Elzer nodded. “I understand.”

“We’ve begun to move out of the prototype stage,” Auberson said. “We’re starting to use him for non-essential tasks, the working out of auxiliary programs, et cetera. We’re going slow, taking it one step at a time, making sure we’ve mastered each phase before going on to the next. We’re at the point now where it’s easier to set him an actual problem than to try and devise a suitable test. So far, he’s done all right. A few of his solutions have been rather unorthodox, but not unworkable.”

“Like for instance?” the bookkeeper prompted.

“Well, the Timeton plant contract, for example. We used HARLIE as a disinterested third party to monitor both sides’ demands and proposals, and offer, if possible, a solution of his own. The union’s requests were routine: higher pay, increased benefits. But the plant was in a money squeeze because of a recent expansion and failure to match expected earnings. Timeton was considering a cutback at the time.”

Elzer nodded. “I remember the situation. It was settled, wasn’t it?”
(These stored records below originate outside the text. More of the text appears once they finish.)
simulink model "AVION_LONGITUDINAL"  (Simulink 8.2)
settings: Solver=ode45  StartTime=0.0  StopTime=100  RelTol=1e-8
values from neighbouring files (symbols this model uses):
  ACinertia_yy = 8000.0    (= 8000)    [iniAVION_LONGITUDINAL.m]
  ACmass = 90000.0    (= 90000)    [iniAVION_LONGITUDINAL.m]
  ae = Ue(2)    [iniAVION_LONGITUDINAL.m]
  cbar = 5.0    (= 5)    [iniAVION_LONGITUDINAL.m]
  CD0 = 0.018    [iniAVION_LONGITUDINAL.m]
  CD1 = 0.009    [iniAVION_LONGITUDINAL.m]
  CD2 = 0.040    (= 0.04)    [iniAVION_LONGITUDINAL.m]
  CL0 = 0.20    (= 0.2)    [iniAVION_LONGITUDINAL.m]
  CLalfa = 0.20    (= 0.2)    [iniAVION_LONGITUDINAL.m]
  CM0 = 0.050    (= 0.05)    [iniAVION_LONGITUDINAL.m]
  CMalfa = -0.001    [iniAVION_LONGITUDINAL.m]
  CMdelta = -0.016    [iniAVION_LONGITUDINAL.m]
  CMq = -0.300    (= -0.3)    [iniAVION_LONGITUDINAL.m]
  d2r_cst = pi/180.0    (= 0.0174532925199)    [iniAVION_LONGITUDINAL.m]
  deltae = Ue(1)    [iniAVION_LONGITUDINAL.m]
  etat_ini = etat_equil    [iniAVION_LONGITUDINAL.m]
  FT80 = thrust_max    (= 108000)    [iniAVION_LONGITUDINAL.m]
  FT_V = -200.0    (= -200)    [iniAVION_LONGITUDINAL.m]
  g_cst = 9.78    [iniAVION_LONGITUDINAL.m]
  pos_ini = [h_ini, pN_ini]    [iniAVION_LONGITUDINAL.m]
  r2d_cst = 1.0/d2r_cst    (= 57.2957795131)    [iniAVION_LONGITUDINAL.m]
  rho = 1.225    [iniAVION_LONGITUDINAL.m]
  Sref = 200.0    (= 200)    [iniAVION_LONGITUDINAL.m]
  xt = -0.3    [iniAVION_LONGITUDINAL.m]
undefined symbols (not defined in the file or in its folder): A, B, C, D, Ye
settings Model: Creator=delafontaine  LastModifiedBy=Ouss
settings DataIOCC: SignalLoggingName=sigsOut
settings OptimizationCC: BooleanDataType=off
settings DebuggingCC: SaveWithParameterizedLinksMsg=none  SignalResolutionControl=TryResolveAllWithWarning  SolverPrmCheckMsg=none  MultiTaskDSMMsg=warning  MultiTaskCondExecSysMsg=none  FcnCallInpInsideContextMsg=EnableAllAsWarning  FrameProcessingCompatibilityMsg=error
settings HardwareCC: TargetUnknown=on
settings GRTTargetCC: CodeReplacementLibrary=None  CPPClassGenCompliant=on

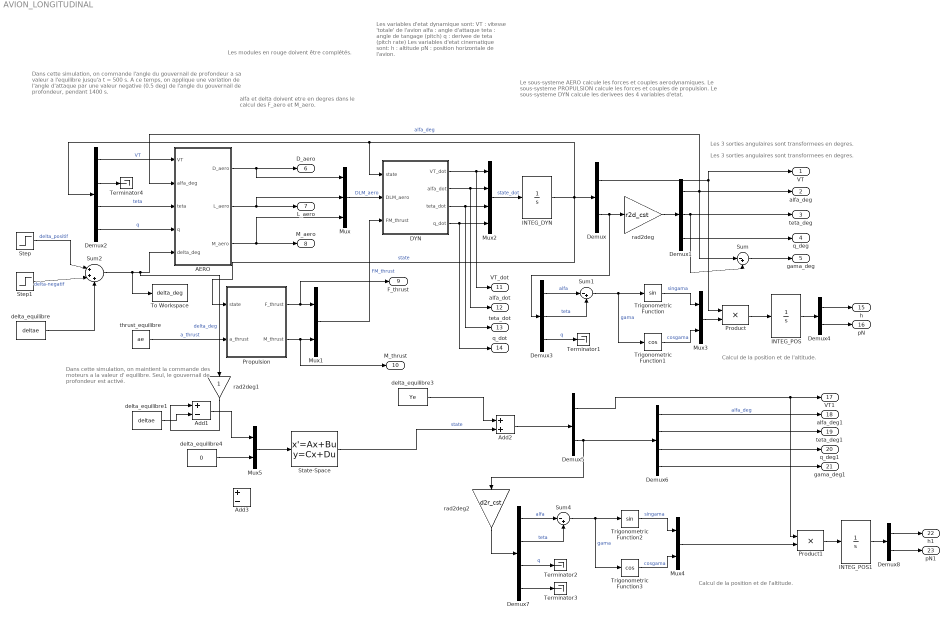
== system AVION_LONGITUDINAL ==
  note: Dans cette simulation, on commande l'angle du gouvernail
      | de profondeur a sa valeur a l'equilibre jusqu'a t = 500 s. A ce
      | temps, on applique une variation de l'angle d'attaque
      | par une valeur negative (0.5 deg) de l'angle du gouvernail
      | de profondeur, pendant 1400 s.
  note: alfa et delta doivent etre en degres
      | dans le calcul des F_aero et M_aero.
  note: Les variables d'etat dynamique sont:
      |
      | VT   : vitesse 'totale' de l'avion
      | alfa : angle d'attaque
      | teta : angle de tangage (pitch)
      | q    : derivee de teta (pitch rate)
      |
      | Les variables d'etat cinematique sont:
      |
      | h    : altitude
      | pN   : position horizontale de l'avion.
  note: Les 3 sorties angulaires sont transformees en degres.
  note: Calcul de la position et de l'altitude.
  note: Le sous-systeme AERO calcule les forces et couples
      | aerodynamiques. Le sous-systeme PROPULSION calcule
      | les forces et couples de propulsion. Le sous-systeme
      | DYN calcule les derivees des 4 variables d'etat.
  note: Dans cette simulation, on maintient la
      | commande des moteurs a la valeur d' equilibre.
      | Seul, le gouvernail de profondeur est activé.
  note: Les modules en rouge doivent être complétés.
  note: Les 3 sorties angulaires sont transformees en degres.
  note: Calcul de la position et de l'altitude.
  AERO : Subsystem
  Add1 : Sum  Inputs=+-
  Add2 : Sum
  Add3 : Sum  Inputs=+-
  DYN : Subsystem
  Demux : Demux  Outputs=[1,3]
  Demux1 : Demux  Outputs=3
  Demux2 : Demux
  Demux3 : Demux  Outputs=3
  Demux4 : Demux  Outputs=2
  Demux5 : Demux  Outputs=[1,4]
  Demux6 : Demux
  Demux7 : Demux
  Demux8 : Demux  Outputs=2
  INTEG_DYN : Integrator  InitialCondition=etat_ini
  INTEG_POS : Integrator  InitialCondition=pos_ini
  INTEG_POS1 : Integrator  InitialCondition=pos_ini
  Mux : Mux  Inputs=3
  Mux{1,3..5} (4 alike) : Mux  Inputs=2
  Mux2 : Mux
  Product : Product  Inputs=**  SaturateOnIntegerOverflow=on  InputSameDT=on  OutDataTypeStr=Inherit: Same as first input
  Product1 : Product  Inputs=**  SaturateOnIntegerOverflow=on  InputSameDT=on  OutDataTypeStr=Inherit: Same as first input
  Propulsion : Subsystem
  State-Space : StateSpace  A=A  B=B  C=C  D=D  X0=0  ContinuousStateAttributes='avionnn'
  Step : Step  Time=1900  After=0.5  SampleTime=0
  Step1 : Step  Time=500  After=-0.5  SampleTime=0
  Sum : Sum  Inputs=|-+  SaturateOnIntegerOverflow=on  InputSameDT=on  OutDataTypeStr=Inherit: Same as first input
  Sum1 : Sum  Inputs=|-+  SaturateOnIntegerOverflow=on  InputSameDT=on  OutDataTypeStr=Inherit: Same as first input
  Sum2 : Sum  Inputs=|+++  SaturateOnIntegerOverflow=on  InputSameDT=on  OutDataTypeStr=Inherit: Same as first input
  Sum4 : Sum  Inputs=|-+  SaturateOnIntegerOverflow=on  InputSameDT=on  OutDataTypeStr=Inherit: Same as first input
  Terminator{1..4} (4 alike) : Terminator
  To Workspace : ToWorkspace  VariableName=delta_deg  SampleTime=-1
  Trigonometric Function : Trigonometry
  Trigonometric Function1 : Trigonometry  Operator=cos
  Trigonometric Function2 : Trigonometry
  Trigonometric Function3 : Trigonometry  Operator=cos
  delta_equilibre : Constant  Value=deltae
  delta_equilibre1 : Constant  Value=deltae
  delta_equilibre3 : Constant  Value=Ye
  delta_equilibre4 : Constant  Value=0
  rad2deg : Gain  Gain=r2d_cst  SaturateOnIntegerOverflow=on  OutDataTypeStr=Inherit: Same as input  ParamDataTypeStr=Inherit: Same as input
  rad2deg1 : Gain  SaturateOnIntegerOverflow=on  OutDataTypeStr=Inherit: Same as input  ParamDataTypeStr=Inherit: Same as input
  rad2deg2 : Gain  Gain=d2r_cst  SaturateOnIntegerOverflow=on  OutDataTypeStr=Inherit: Same as input  ParamDataTypeStr=Inherit: Same as input
  thrust_equilibre : Constant  Value=ae
  VT : Outport
  alfa_deg : Outport  Port=2
  teta_deg : Outport  Port=3
  q_deg : Outport  Port=4
  gama_deg : Outport  Port=5
  D_aero : Outport  Port=6
  L_aero : Outport  Port=7
  M_aero : Outport  Port=8
  F_thrust : Outport  Port=9
  M_thrust : Outport  Port=10
  VT_dot : Outport  Port=11
  alfa_dot : Outport  Port=12
  teta_dot : Outport  Port=13
  q_dot : Outport  Port=14
  h : Outport  Port=15
  pN : Outport  Port=16
  VT1 : Outport  Port=17
  alfa_deg1 : Outport  Port=18
  teta_deg1 : Outport  Port=19
  q_deg1 : Outport  Port=20
  gama_deg1 : Outport  Port=21
  h1 : Outport  Port=22
  pN1 : Outport  Port=23
  wires:
  AERO/1(D_aero) -> D_aero/1, Mux/1
  AERO/2(L_aero) -> L_aero/1, Mux/2
  AERO/3(M_aero) -> M_aero/1, Mux/3
  Mux/1 -> DYN/2(DLM_aero)  "DLM_aero"
  Propulsion/1(F_thrust) -> Mux1/1, F_thrust/1
  Propulsion/2(M_thrust) -> Mux1/2, M_thrust/1
  Mux1/1 -> DYN/3(FM_thrust)  "FM_thrust"
  thrust_equilibre/1 -> Propulsion/2(a_thrust)  "a_thrust"
  DYN/1(VT_dot) -> Mux2/1, VT_dot/1
  DYN/2(alfa_dot) -> Mux2/2, alfa_dot/1
  DYN/3(teta_dot) -> Mux2/3, teta_dot/1
  DYN/4(q_dot) -> Mux2/4, q_dot/1
  Mux2/1 -> INTEG_DYN/1  "state_dot"
  INTEG_DYN/1 -> Demux/1, Demux2/1, DYN/1(state), Propulsion/1(state)  "state"
  Demux/2 -> rad2deg/1, Demux3/1
  Demux/1 -> Product/1, VT/1
  rad2deg/1 -> Demux1/1
  Demux1/1 -> AERO/2(alfa_deg), alfa_deg/1, Sum/1  "alfa_deg"
  Demux1/2 -> teta_deg/1, Sum/2
  Demux1/3 -> q_deg/1
  Sum/1 -> gama_deg/1
  Demux2/1 -> AERO/1(VT)  "VT"
  Demux2/3 -> AERO/3(teta)  "teta"
  Demux2/4 -> AERO/4(q)  "q"
  Sum1/1 -> Trigonometric Function/1, Trigonometric Function1/1  "gama"
  Trigonometric Function/1 -> Mux3/1  "singama"
  Trigonometric Function1/1 -> Mux3/2  "cosgama"
  INTEG_POS/1 -> Demux4/1
  Demux4/1 -> h/1
  Demux4/2 -> pN/1
  Demux3/3 -> Terminator1/1  "q"
  Demux3/1 -> Sum1/1  "alfa"
  Demux3/2 -> Sum1/2  "teta"
  delta_equilibre/1 -> Sum2/3
  Sum2/1 -> rad2deg1/1, AERO/5(delta_deg), To Workspace/1  "delta_deg"
  Step/1 -> Sum2/1  "delta_positif"
  Step1/1 -> Sum2/2  "delta-negatif"
  Mux3/1 -> Product/2
  Product/1 -> INTEG_POS/1
  Sum4/1 -> Trigonometric Function3/1, Trigonometric Function2/1  "gama"
  Trigonometric Function2/1 -> Mux4/1  "singama"
  Trigonometric Function3/1 -> Mux4/2  "cosgama"
  INTEG_POS1/1 -> Demux8/1
  Demux8/1 -> h1/1
  Demux8/2 -> pN1/1
  Demux7/3 -> Terminator2/1  "q"
  Demux7/1 -> Sum4/1  "alfa"
  Demux7/2 -> Sum4/2  "teta"
  Demux7/4 -> Terminator3/1
  Mux5/1 -> State-Space/1
  delta_equilibre1/1 -> Add1/2
  Add1/1 -> Mux5/1
  Demux6/1 -> alfa_deg1/1  "alfa_deg"
  Demux5/1 -> Product1/1, VT1/1
  Demux6/2 -> teta_deg1/1
  Demux6/3 -> q_deg1/1
  Demux6/4 -> gama_deg1/1
  Product1/1 -> INTEG_POS1/1
  rad2deg1/1 -> Add1/1
  Mux4/1 -> Product1/2
  rad2deg2/1 -> Demux7/1
  Add2/1 -> Demux5/1
  State-Space/1 -> Add2/2  "state"
  delta_equilibre3/1 -> Add2/1
  delta_equilibre4/1 -> Mux5/2
  Demux5/2 -> Demux6/1, rad2deg2/1
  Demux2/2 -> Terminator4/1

“Right. HARLIE’s solution. He began by requesting an efficiency study with specific attention to how much time was spent in actual production and how much on setting up, breaking down, and so on. He found that it was necessary to prepare the equipment for production four times a day: in the morning, after the coffee break, after the lunch break, and after the second work break. That’s at least ten, usually fifteen, minutes per set-up. Same thing for shutting down. That was costing them two hours of production time per day, or ten hours per work week. They were spending too much time getting ready and cleaning up, and not enough time actually working. HARLIE suggested giving everybody Fridays off. Add an hour and a half to each of the other four work days and boost wages enough to compensate for the loss of those two ‘so-called’ working hours. Timeton found they could produce as much in four nine-and-a-half-hour days as they could in five eight-hour days. What they’d done was to trim away those two wasted hours of cleanup and preparation time and spread the remaining work hours across the rest of the week. They increased their ratio of production time by doing so.”

“Hm,” said Elzer. “How’d the union take it?”

“Oh, they were startled at first, but they agreed to give it a try. After a few weeks they were as enthusiastic about the plan as anyone. After all, it gave the men more time with their families. Timeton was pleased because it allowed them to cut costs without cutting production. In fact, production actually went up. Like I said, it was an unorthodox solution — but it worked. And that’s what counts. The nice thing about it was that the plan was good for both sides.”

Elzer nodded vaguely. He didn’t need to have any more explained to him. He glanced about again. His eyes lit on a figure at a console. “What’s that?” he pointed.

Auberson looked. Elzer was referring to a thirteen-year-old girl; she was sitting in the corner, thoroughly engrossed in her “conversation” with HARLIE. “Oh,” said Auberson. “She’s another one of our non-essential, but fully operational programs.”

“Huh?”

“Project Pedagogue.”

“Computer teaching?”

“Sort of. It’s just an experiment, so far, but we find HARLIE is a better teacher than some of the so-called “teaching machines.’ They’re just one step up from rote –learning. The average teaching program uses reward stimuli to reinforce retention. That’s good, but it’s still rote-learning. What we’re trying here is to teach understanding. HARLIE can answer the question ‘WHY?’ He can explain things in terms the student can understand, and he’s infinitely patient. A routine teaching program can’t break out of its pre-set pattern. It has no flexibility — that’s why they’ve never been a serious threat to human educators.”